# Gone but NEVER Forgotten



## My three boys (Jul 31, 2011)

For my son Bear 1-1-10 to 7-23-11. Your time with me was way to short. I hope that you know that I did everything that I could for you. I am so sorry that the emergency Vet office did not care enough about you that they made you wait almost 5 hours before they saw you. I will make sure that they give me answers as to why they forgot about you and let you suffer for all that time. My time with you was way to short and I feel robbed. I will love you forever and I miss you everyday. May you have found Mich, Chrissy and Katie and the Rainbow bridge Mich expecially will love playing with you don't let Chrissy boss you around she likes to do that. And you go and find the mud and roll in it once for me don't swim out to far in the lake and know that I will see you again and no one will be able to take you from me again. I will take care of your brother Cubby and you Uncle Buddy. Cubby really misses you alot you two have been togather since birth and he is getting a lot of loving now to help him through this. Buddy has been great with him and is helping him also. We are going to get one of your 1/2 brothers Moose to help Cubby with his loss. But he is not replacing you no one ever could. please know that I love you more the anything else in the world and I will see you again.

Love,
Mom


----------



## CAROLINA MOM (May 12, 2009)

I am so very sorry for your loss of Bear, it was much too soon.

My heart goes out to you.


----------



## Buddy's mom forever (Jun 23, 2011)

Sorry for the loss of your Bear at a such young age, there are no words to describe the feelings. I lost my Buddy at age 9 and half, 11 weeks ago yesterday and pain is still so real, does not go away. He was like bear, big but gentle. These days I caught myself thinking is he to hot there, does he have enough water around to drink. I can not even write here without crying. I am so very sorry, I know how you feel.
Run free sweet Bear


----------



## Debles (Sep 6, 2007)

How tragic! I am so very sorry.. what a horrible loss.
God Speed dear Bear.


----------



## Penny & Maggie's Mom (Oct 4, 2007)

Oh no, how terrible. I'm so sorry for your loss and especially sorry that it seems to be from negligence.


----------



## Dallas Gold (Dec 22, 2007)

I'm so sorry for your loss. It's so hard to lose these sweet precious souls.


----------



## magiclover (Apr 22, 2008)

I am so sorry about your sweet Bear. It was much too soon.


----------



## PrincessDi (Jun 8, 2009)

How tragic!! I so very sorry for your sudden loss. RIP Bear.


----------



## janine (Aug 8, 2009)

I am so sorry. RIP sweet Bear.


----------



## jweisman54 (May 22, 2010)

I was saddened to read this. Bear was taken much too soon, RIP Bear!


----------



## TMarie (Mar 27, 2011)

I truley feel your pain...I to feel robbed....I am glad you can open your heart to another golden..I still feel like I do not deserve this pleasure. Take care, you are in my thoughts...R.I P... run free...
Tracy


----------



## goldensmum (Oct 23, 2007)

So sorry for your loss of Bear, too young to have gone to the bridge.
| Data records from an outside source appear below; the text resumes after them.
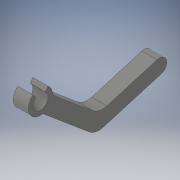
# Autodesk Inventor part: Holder left arm
Saved by Autodesk Inventor 2019.2 (Build 232265000, 265)
## iProperties
Created: 2020-09-20
Part Number: Holder left arm
Material: Generic
Document SubType Name: Modeling
Designer: SnoBotics
Density: 1 g/cm^3
Appearance: Rubber - Black(1)
Author: SnoBotics
Autodesk Inventor part; units mm, degrees
ref_plane "YZ Plane" through (0, 0, 0) normal (1, 0, 0) x (0, 1, 0)
ref_plane "XZ Plane" through (0, 0, 0) normal (0, 1, 0) x (-1, 0, 0)
ref_plane "XY Plane" through (0, 0, 0) normal (0, 0, 1) x (1, 0, 0)
sketch "Sketch1" plane through (0, 0, 0) normal (0, 0, 1) x (1, 0, 0)
  line L0 (7.0984, -37.2544) -> (-17.2546, -44.4717)
  line L1 (-19.0349, -38.4646) -> (5.3181, -31.2472)
  arc A0 (7.0984, -37.2544) -> (5.3181, -31.2472) centre (6.2488, -34.2388) ccw
  line L2 (-42.5288, -26.9478) -> (-20.5002, -45.4336)
  line L3 (-20.5002, -45.4336) -> (-17.2546, -44.4717)
  line L4 (-38.4744, -22.1514) -> (-19.0349, -38.4646)
  line L5 (-40.3781, -18.0047) -> (-41.5692, -19.4938)
  line L6 (-45.5333, -19.4938) -> (-46.7244, -18.0047)
  arc A1 (-45.5333, -19.4938) -> (-41.5692, -19.4938) centre (-43.5513, -21.9717) ccw
  arc A2 (-46.7244, -18.0047) -> (-42.5288, -26.9478) centre (-43.5513, -21.9717) ccw
  arc A3 (-38.4744, -22.1514) -> (-40.3781, -18.0047) centre (-43.5513, -21.9717) ccw
  point P0 (0, 0)
  point P1 (0, 0)
  constraints: 14 end point, 8 point on circle, 4 centre point, 2 concentric, 1 collinear, 1 parallel
extrude "Extrusion1" add sketch "Sketch1" along normal blind 6.35
fillet "Fillet1" radius 6.35 2 edges at (-20.5002, -45.4336, 3.175) (-19.0349, -38.4646, 3.175)
body "Solid1"

(I hate emergency vets - our own vets do not do their own out of hours service, and I know that at the emergency vet our dogs have not received the treatment that we would get at our vets)

Run free Bear with your new friends


----------



## Nath (May 12, 2011)

Horrible. RIP Bear


----------



## Karen519 (Aug 21, 2006)

*Rest in peace, Sweet Bear*

Rest in peace Sweet Bear and play with all of your friends at the Rainbow Bridge.


----------



## outabout (Apr 10, 2011)

My heart goes out to your and Bear. Rest in peace sweet boy.


----------



## Mileysmom (Feb 11, 2009)

I am sorry to hear of your loss of Bear and your pain. I am sure he is looking down and knowing that you did the very best for him that you could and he was so very, very, very loved by you and your family. R.I.P. Bear..


----------



## Blondie (Oct 10, 2009)

Peace to you. Bear is at the Bridge running free with all those who have gone before. He is not alone.
Godspeed ~


----------



## Noey (Feb 26, 2009)

I'm so sorry for your loss. ((hugs))


----------



## My three boys (Jul 31, 2011)

Thank you for all who replied The Vet admitted they were in the wrong because Both myself and my Vet called CAVES and told them he was crashing and they said they should have brought him right back they are giving me my money back like that will take our pain away and they didn't even have the decency to call me they e-mailed me I know I can get more money from them but I can't fight it right now because it hurts so bad, and it won't bring him back. Thank you for all your thoughts and prayers it means so much to us I cried reading all of your thoughtsI know you all love your babies also Thank you


----------



## Karen519 (Aug 21, 2006)

*Bear*

I am so very, very, sorry about Bear.
I think the Veterinary Association should be told about this emergency vet and how they were so negligent.


----------